I whipped up this delightful chocolate mousse cake for my birthday and to be honest I was feeling a little off colour, a bit grumpy and in need of something sweet, lush but nourishing. And if you look carefully at our autumn harvested sweet potatoes, you can see on the newspaper the words Happy Birthday. How funny!

It is amazing how versatile vegetables can be and they can easily they can take pride of place in sweets and provide us with nutrition as well as creating cakes we can indulge in knowing they are healthy. I am incredibly fond of sweet potato or kumara as we call in my home country New Zealand. It reminds be of my childhood days spent in my parent’s garden and where I first learnt to grow food, where I first discovered the joy of planting a seed and watching it come to fruition. and all the joys that come along with that pastime. Kumaras are bursting with goodness – they are a rich source of fibre, contain an array of vitamins and minerals including iron, calcium, selenium, potassium, most of our B vitamins, vitamin C, beta carotene and they have a low glycemic index. How good is that!

When we combine that with the rich chocolatey flavour of raw cacao packed with magnesium, iron and antioxidants, we are truly in for a luscious experience. According to scientific research, cacao can help with stress, blood pressure, heart health and depression. But most importantly, it gives me that delicous chocolate fix I crave without any of the nasties like dairy, refined sugar and fats. Yay!
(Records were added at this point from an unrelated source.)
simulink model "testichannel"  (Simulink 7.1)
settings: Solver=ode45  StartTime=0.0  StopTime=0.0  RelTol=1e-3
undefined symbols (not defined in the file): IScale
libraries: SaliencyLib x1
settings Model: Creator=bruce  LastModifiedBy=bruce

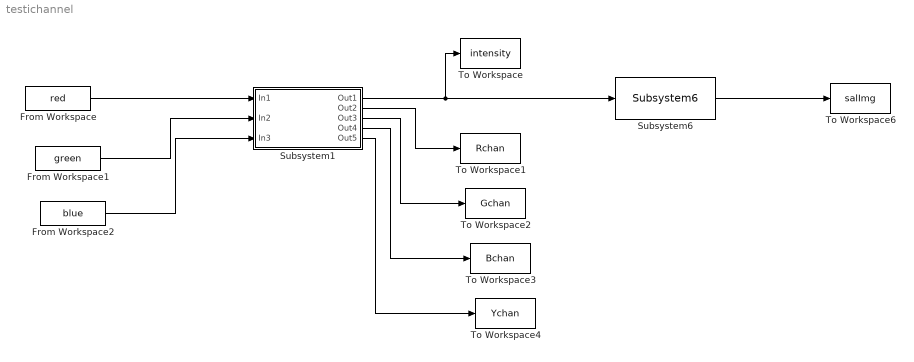
== system testichannel ==
  From Workspace : FromWorkspace  VariableName=red  SampleTime=0
  From Workspace1 : FromWorkspace  VariableName=green  SampleTime=0
  From Workspace2 : FromWorkspace  VariableName=blue  SampleTime=0
  Subsystem1 : Subsystem
      mask Display:
      | disp('COLOR\nMAPPING')
      | port_label('input',1,'r')
      | port_label('input',2','g')
      | port_label('input',3,'b')
      | port_label('output',1,'I')
      | port_label('output',2,'R')
      | port_label('output',3,'G')
      | port_label('output',4','B')
      | port_label('output',5,'Y')
  Subsystem6 : SaliencyLib/Subsystem6  SystemSampleTime=-1  isr=332  isc=500
      link override Subsystem17/Level-2 M-file S-Function: br=83  bc=125
      link override Subsystem17/Level-2 M-file S-Function1: sr=83  sc=125
      link override Subsystem17/Level-2 M-file S-Function2: sr=83  sc=125
      link override Subsystem17/Level-2 M-file S-Function3: sr=42  sc=63
      link override Subsystem17/Level-2 M-file S-Function4: sr=42  sc=63
      link override Subsystem17/Level-2 M-file S-Function5: br=83  bc=125
      link override Subsystem17/Level-2 M-file S-Function6: br=42  bc=63
      link override Subsystem17/Level-2 M-file S-Function7: br=42  bc=63
  To Workspace : ToWorkspace  VariableName=intensity  SampleTime=-1  SaveFormat=Structure
  To Workspace1 : ToWorkspace  VariableName=Rchan  SampleTime=-1  SaveFormat=Structure
  To Workspace2 : ToWorkspace  VariableName=Gchan  SampleTime=-1  SaveFormat=Structure
  To Workspace3 : ToWorkspace  VariableName=Bchan  SampleTime=-1  SaveFormat=Structure
  To Workspace4 : ToWorkspace  VariableName=Ychan  SampleTime=-1  SaveFormat=Structure
  To Workspace6 : ToWorkspace  VariableName=salImg  SampleTime=-1  SaveFormat=Structure
  wires:
  From Workspace/1 -> Subsystem1/1(In1)
  Subsystem1/1(Out1) -> To Workspace/1, Subsystem6/1
  From Workspace1/1 -> Subsystem1/2(In2)
  From Workspace2/1 -> Subsystem1/3(In3)
  Subsystem1/2(Out2) -> To Workspace1/1
  Subsystem1/3(Out3) -> To Workspace2/1
  Subsystem1/4(Out4) -> To Workspace3/1
  Subsystem1/5(Out5) -> To Workspace4/1
  Subsystem6/1 -> To Workspace6/1

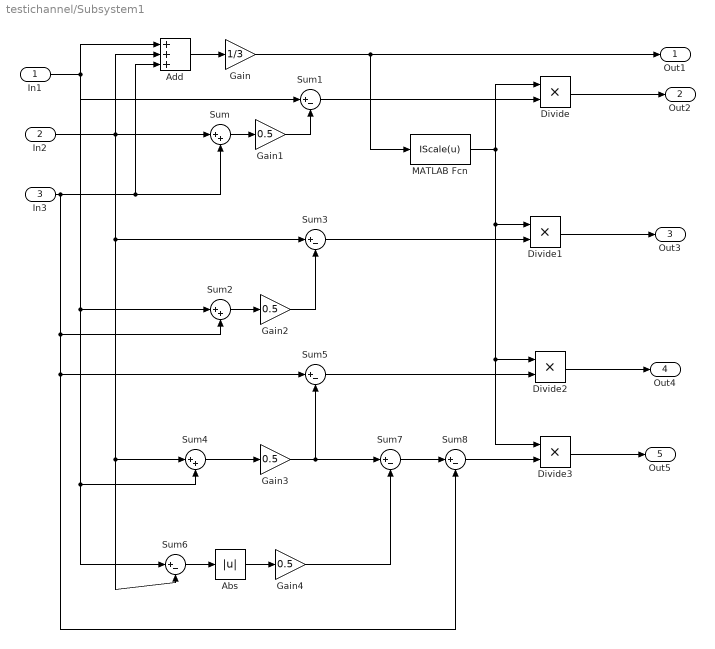
== system testichannel/Subsystem1 ==
  In1 : Inport  OutDataType=sfix(16)  OutScaling=2^0
  In2 : Inport  Port=2  OutDataType=sfix(16)  OutScaling=2^0
  In3 : Inport  Port=3  OutDataType=sfix(16)  OutScaling=2^0
  Abs : Abs  OutDataType=sfix(16)  OutScaling=2^0
  Add : Sum  Inputs=+++  OutDataType=sfix(16)  OutScaling=2^-10
  Divide{,1..3} (4 alike) : Product  Inputs=**  OutDataType=sfix(16)  OutScaling=2^-10
  Gain : Gain  Gain=1/3  ParameterDataType=sfix(16)  ParameterScaling=2^0  OutDataType=sfix(16)  OutScaling=2^0
  Gain{1..4} (4 alike) : Gain  Gain=0.5  ParameterDataType=sfix(16)  ParameterScaling=2^0  OutDataType=sfix(16)  OutScaling=2^0
  MATLAB Fcn : MATLABFcn  MATLABFcn=IScale(u)  Output1D=off
  Sum : Sum  Inputs=|++  OutDataType=sfix(16)  OutScaling=2^0
  Sum{1,3,5..8} (6 alike) : Sum  Inputs=|+-  OutDataType=sfix(16)  OutScaling=2^0
  Sum2 : Sum  Inputs=|++  OutDataType=sfix(16)  OutScaling=2^0
  Sum4 : Sum  Inputs=|++  OutDataType=sfix(16)  OutScaling=2^0
  Out1 : Outport  OutDataType=sfix(16)  OutScaling=2^0
  Out2 : Outport  Port=2  OutDataType=sfix(16)  OutScaling=2^0
  Out3 : Outport  Port=3  OutDataType=sfix(16)  OutScaling=2^0
  Out4 : Outport  Port=4  OutDataType=sfix(16)  OutScaling=2^0
  Out5 : Outport  Port=5  OutDataType=sfix(16)  OutScaling=2^0
  wires:
  MATLAB Fcn/1 -> Divide3/1, Divide2/1, Divide1/1, Divide/1
  Divide3/1 -> Out5/1
  Sum8/1 -> Divide3/2
  Sum7/1 -> Sum8/1
  Gain4/1 -> Sum7/2
  Abs/1 -> Gain4/1
  Sum6/1 -> Abs/1
  Divide2/1 -> Out4/1
  Divide1/1 -> Out3/1
  Sum5/1 -> Divide2/2
  Sum3/1 -> Divide1/2
  Divide/1 -> Out2/1
  Sum1/1 -> Divide/2
  Sum4/1 -> Gain3/1
  Gain3/1 -> Sum7/1, Sum5/2
  Gain2/1 -> Sum3/2
  Sum2/1 -> Gain2/1
  Gain1/1 -> Sum1/2
  Sum/1 -> Gain1/1
  Add/1 -> Gain/1
  Gain/1 -> MATLAB Fcn/1, Out1/1
  In3/1 -> Sum8/2, Sum5/1, Sum2/2, Sum/2, Add/3
  In2/1 -> Sum6/2, Sum4/1, Sum3/1, Sum/1, Add/2
  In1/1 -> Sum6/1, Sum4/2, Sum2/1, Sum1/1, Add/1

Our autumn sweet potato harvest


  • 1 sweet potato 320g, peeled and cut into pieces
  • 22 fresh medjool dates 300g, pitted and chopped
  • 1 vanilla pod scraped
  • 3/4 cup of organic cacao 75g
  • 1 cup of almond meal 120g
  • 1/2 cup of buckwheat flour 75 g
  • 3 tablespoons of coconut flour 20g
  • 1/2 cup of desiccated coconut 50g
  • 1 1/2 tspn of baking powder
  • 4 organic eggs
  • 3/4 cup of almond or nut milk
  • 50 g of dark chocolate (80%), finely grated


  • Preheat the oven to 160 celsius (fan forced).
  • Grease and line with baking paper a 22cm cake tin
  • Steam the sweet potato then remove skin and when cool cut into small pieces.
  • Place the dates in boiling water and set aside for 10 minutes. Then drain.
  • Place all the ingredients into a food processor and process until combined.
  • Spoon mixture into lined cake tin.
  • bake for 35 – 40 minutes or until a skewer comes out cleanly.
  • Allow to cool and then place in the refrigerator.
  • Sprinkle with grated dark chocolate
My birthday cake – yummy!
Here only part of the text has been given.